I hope you do find some caribas.. but even if you don't get any, that tank is sick !!!!

AMAZING job !!!


----------



## Piro (Dec 1, 2008)

Is this the plywood tank I've seen before on this forum? Nice tank indeed!


----------



## FEEFA (Nov 19, 2007)

Great video as usual Leg and the tank and fish look fantastic


----------



## Soul Assassin (Nov 21, 2006)

Very nice 5 star


----------



## bigshawn (Dec 29, 2005)

Love you tank set-up and p's nice....


----------



## Piranha_man (Jan 29, 2005)

VERY cool!!









Allow me to embed it for you...


----------



## Guest (Feb 9, 2010)

great job!!


----------



## curly (Jun 22, 2006)

That tank is amazing and the fish look gorgeous.

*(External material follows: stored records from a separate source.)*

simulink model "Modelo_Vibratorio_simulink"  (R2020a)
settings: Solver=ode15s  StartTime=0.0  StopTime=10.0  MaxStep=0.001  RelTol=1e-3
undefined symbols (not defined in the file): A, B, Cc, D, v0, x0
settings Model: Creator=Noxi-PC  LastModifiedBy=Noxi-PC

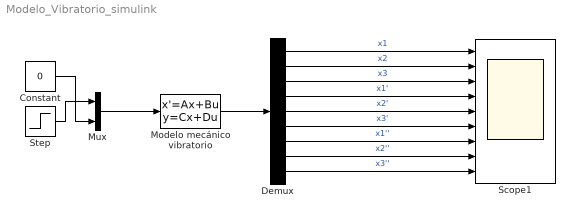
== system Modelo_Vibratorio_simulink ==
  Constant : Constant  Value=0
  Demux : Demux  Outputs=9
  Modelo mecánico vibratorio : StateSpace  A=A  B=B  C=Cc  D=D  InitialCondition=[x0,v0]
  Mux : Mux  Inputs=2
  Scope1 : Scope  NumInputPorts=9
  Step : Step  After=80  SampleTime=0
  wires:
  Modelo mecánico vibratorio/1 -> Demux/1
  Demux/1 -> Scope1/1  "x1"
  Demux/2 -> Scope1/2  "x2"
  Demux/3 -> Scope1/3  "x3"
  Demux/4 -> Scope1/4  "x1'"
  Demux/5 -> Scope1/5  "x2'"
  Demux/6 -> Scope1/6  "x3'"
  Demux/7 -> Scope1/7  "x1''"
  Demux/8 -> Scope1/8  "x2''"
  Demux/9 -> Scope1/9  "x3''"
  Mux/1 -> Modelo mecánico vibratorio/1
  Constant/1 -> Mux/2
  Step/1 -> Mux/1
simulink model "flightControlSystem"  (R2022b)
settings: Solver=ode3  StartTime=0  StopTime=TFinal  FixedStep=Ts  RelTol=1e-3  EnableMultiTasking=on
undefined symbols (not defined in the file): codertarget, Controller, DiscIntNeverNeededParam, Discrete, Estimator, g, init, orient_ref, pos_ref, Sensors, Time, Ts, var_acc_angle_N, var_bias_gyr_N, var_gyro_p_N, Vehicle
libraries: simulink x52, matrix_library x15, slpidlib x4, ctrlSharedLib x4, sharedtransform x3, visiontransforms x2, dspindex x2, visiontextngfix x1, visionanalysis x1, visionstatistics x1, parrotlib x1
(part 3 of 3)

== system flightControlSystem/Control System/State Estimator/XY Position Estimator/EstimatorVelocity/xy velocity w//o angular velocity compensation ==
  note: Optical flow raw readings are converted to velocity in m/s based on the estimated altitude
  optical_flow : Inport
  z_estimate : Inport  Port=2
  " " : Product  Inputs=**
  Compare To Constant : simulink/Logic and Bit Operations/Compare To Constant  relop=<  const=200*4  OutDataTypeStr=boolean
  Counter Free-Running : simulink/Sources/Counter Free-Running  NumBits=32  tsamp=-1
  Gain : Gain  Gain=-1
  Select dxy : Selector  InputPortWidth=3  IndexOptions=Index vector (dialog)  Indices=[1 2]  OutputSizes=1
  Switch : Switch  Criteria=u2 > Threshold  SaturateOnIntegerOverflow=off  InputSameDT=off
  opticalFlowErrorCorrect : Gain  Gain=1.15
  optical_flow_dx_dy : Outport
  wires:
  Select dxy/1 -> optical_flow_dx_dy/1  "optical_flow_dx_dy"
  " "/1 -> opticalFlowErrorCorrect/1
  opticalFlowErrorCorrect/1 -> Switch/3
  Gain/1 -> " "/2
  Switch/1 -> Select dxy/1
  Counter Free-Running/1 -> Compare To Constant/1
  Compare To Constant/1 -> Switch/2
  optical_flow/1 -> " "/1, Switch/1
  z_estimate/1 -> Gain/1

== matlab function flightControlSystem/Control System/Controller/Position Controller/Position error transformation (Earth to Body frame) ==
  data: yaw input; xy_err_earth input; xy_err_body output
function xy_err_body = fcn(yaw,xy_err_earth)

transformation = [cos(yaw), sin(yaw); -sin(yaw),  cos(yaw)];
xy_err_body = transformation * xy_err_earth;


end

== matlab function flightControlSystem/Image Processing System/Find Angle of a Turn ==
  data: lines input; alpha output; right input; left input
function alpha = getAlpha(lines, right, left)
if right==1 || left==1
    if lines
        %lines(1,1) -- point1.col
        %lines(1,2) -- point1.row
        %lines(1,3) -- point2.col
        %lines(1,4) -- point2.row
        l = double(abs(lines(1,3)-lines(1,1)));
        d = sqrt(double((lines(1,1)-lines(1,3))^2+(lines(1,2)-lines(1,4))^2));
        alpha = acos(l/d);
        
        %Ignore short edge
        if d >= 20
            if right==1
                if (lines(1,2) > lines(1,4) && lines(1,1) <= lines(1,3))||(lines(1,2) < lines(1,4) && lines(1,1) > lines(1,3))
                    alpha = -alpha;
                end
            else
                if (lines(1,2) < lines(1,4) && lines(1,1) <= lines(1,3))||(lines(1,2) > lines(1,4) && lines(1,1) > lines(1,3))
                    alpha = -alpha;
                end
            end
    
            alpha = pi/2 + alpha;
        else
            alpha = 0;
        end
    else
        alpha = 0;
    end
else
    alpha = 0;
end

== stateflow chart flightControlSystem/Control System/Path Planning/Chart ==
  state AlignRight
    during:
    xOut = xOut - 0.0005*sin(yaw_est);
    yOut = yOut + 0.0005*cos(yaw_est);
  state AlignLeft
    during:
    xOut = xOut + 0.0005*sin(yaw_est);
    yOut = yOut - 0.0005*cos(yaw_est);
  state MoveToTargetYawRight
    entry:
    doState = 0;
    during:
    if (doState==0)
    xOut = xOut + distance*cos(yaw_est);
    yOut = yOut + distance*sin(yaw_est);
    yawOut = yaw_est + alpha;
    doState = doState + 1;
    end
  note: Better seperate acute and obtuse, because time for rotating is diff
  state YawRightIni
    during:
    yawOut = yawOut + 0.001;
  note: Ahihi Do Ngok
  state TakeOff
    during:
    xOut = 0;
    yOut = 0;
    zOut = -1.1;
    yawOut = 0;
  state MoveForward
    during:
    xOut = xOut + 0.0005*cos(yaw_est);
    yOut = yOut + 0.0005*sin(yaw_est);
  state YawObtuseLeft
    entry:
    doState = 0;
    during:
    if (doState==0)
    xOut = xOut + distance*cos(yaw_est);
    yOut = yOut + distance*sin(yaw_est);
    yawOut = yaw_est - alpha;
    doState = doState + 1;
    end
  state YawLeftIni
    during:
    yawOut = yawOut - 0.001;
  state EndLineDetected
    during:
    xOut = xOut + 0.0003*cos(yaw_est);
    yOut = yOut + 0.0003*sin(yaw_est);
  state Land
    during:
    zOut = 0
  MoveForward -> AlignRight [order 4] : [(ObtuseRight==1||AcuteRight==1)&&(alpha<pi/18||alpha>17*pi/18)]
  AlignRight -> MoveForward : [up==1]
  AlignLeft -> MoveForward : [up==1]
  MoveForward -> AlignLeft [order 5] : [(ObtuseLeft==1||AcuteLeft==1)&&(alpha<pi/18||alpha>17*pi/18)]
  MoveForward -> MoveToTargetYawRight [order 1] : [(ObtuseRight==1||AcuteRight==1)&&alpha>pi/18&&alpha<17*pi/18]
  MoveToTargetYawRight -> MoveForward : [after(4.5,sec)]
  YawRightIni -> MoveForward : [IniRight==0&&up==1]
  TakeOff -> YawRightIni [order 2] : [after(3,sec)&&IniRight==1]
  (default) -> TakeOff
  TakeOff -> MoveForward [order 1] : [after(3,sec)&&up==1]
  YawObtuseLeft -> MoveForward : [after(4.5,sec)]
  MoveForward -> YawObtuseLeft [order 2] : [(ObtuseLeft==1||AcuteLeft==1)&&alpha>pi/18&&alpha<17*pi/18]
  YawLeftIni -> MoveForward : [IniLeft==0&&up==1]
  MoveForward -> EndLineDetected [order 3] : [up==0&&(ObtuseLeft==0&AcuteLeft==0&ObtuseRight==0&AcuteRight==0)]
  TakeOff -> YawLeftIni [order 3] : [after(3,sec)&&IniLeft==1]
  EndLineDetected -> Land : [circle==1]
  data: circle input; yawOut output single; yaw_est input; ObtuseRight input; AcuteRight input; ObtuseLeft input; AcuteLeft input; distance input; alpha input; up input; doState local; xOut output single; yOut output single; zOut output single; IniLeft input; IniRight input

== matlab function flightControlSystem/Image Processing System/Get Distance to Turning Point from break point ==
  data: distance output; alpha input
function distance = getDistanceToTurn(alpha)

w_path = 0.1;
%Drone position: it's probably not exact at (W/2,H/2), existing a small dis
%between W/2,H/2 and the position
%Dis from drone position (including the deviation) --> break point 
%with z = -1.1
offset = 0.1205;
if alpha > pi/2
    distance = w_path*(tan(alpha-pi/2)+1/cos(alpha-pi/2)) + offset;
else
    beta = pi/2-alpha;
    distance = offset - tan(pi/4-beta/2)*w_path/2;
end
if distance > 1
    distance = 0;
end

== matlab function flightControlSystem/Image Processing System/MATLAB Function ==
  data: R input; G input; BW output; B input
function BW = createMask(R,G,B)

% Define thresholds for channel 1 based on histogram settings
channel1Min = 0.000;
channel1Max = 255.000;

% Define thresholds for channel 2 based on histogram settings
channel2Min = 0.000;
channel2Max = 0.000;

% Define thresholds for channel 3 based on histogram settings
channel3Min = 0.000;
channel3Max = 255.000;

% Create mask based on chosen histogram thresholds
sliderBW = (R >= channel1Min ) & (R <= channel1Max) & ...
    (G >= channel2Min ) & (G <= channel2Max) & ...
    (B >= channel3Min ) & (B <= channel3Max);

BW = sliderBW;

Very jealous!


----------



## leg89 (Dec 10, 2008)

yah tanks for posting the embed link! looks better now!

by the way, piraya and ternz are a bit agressive but they do swim a lot together so i guess things are doing find for now!


----------



## RedneckR0nin (Nov 5, 2008)

Nice tank, fish and video all around. The color is stunning and your fish look amazing. Hope to see more from this tank in the future!!


----------



## keukeul (Sep 9, 2007)

Terns rules









Great job Nic !!


----------



## assclown (Dec 12, 2005)

very nice tank, did you build it?


----------



## CuzIsaidSo (Oct 13, 2009)

Nice tank







Is that a 3d background ?


----------



## leg89 (Dec 10, 2008)

brian519 said:


> Nice tank
> 
> 
> 
> ...


YES! you guys did not click on the link in the first post didn't you? haha

yes the link in the starter post is the link for the DIY section here in the forum where you can see the built up to now


----------



## xeloR (Jan 2, 2009)

Beautiful!









God I want my Pirayas to grow so bad!


----------



## leg89 (Dec 10, 2008)

here are some updates!





































and the big fella that was too slow attacking the feeder...that's it! search the sand for scales now! tsss





































we'll stop there, want to save some for photo contest! haha


----------



## Soul Assassin (Nov 21, 2006)

nice


----------



## Moondemon (Dec 9, 2006)

Amazing pictures Nic !! Keep it up !


----------



## His Majesty (Apr 5, 2005)

looking awesome


----------



## bigshawn (Dec 29, 2005)

man I'm loven those terns...............


----------



## Piro (Dec 1, 2008)

Those are some beautifull fish.. nice photo's! Keep up the good work!


----------



## primetime3wise (Sep 28, 2003)

those are some amazing photos!


----------



## leg89 (Dec 10, 2008)

yah if there's ever someone looking for ternz near Quebec, they still have four from the same shoal i got mine. PM if you have questions bout that.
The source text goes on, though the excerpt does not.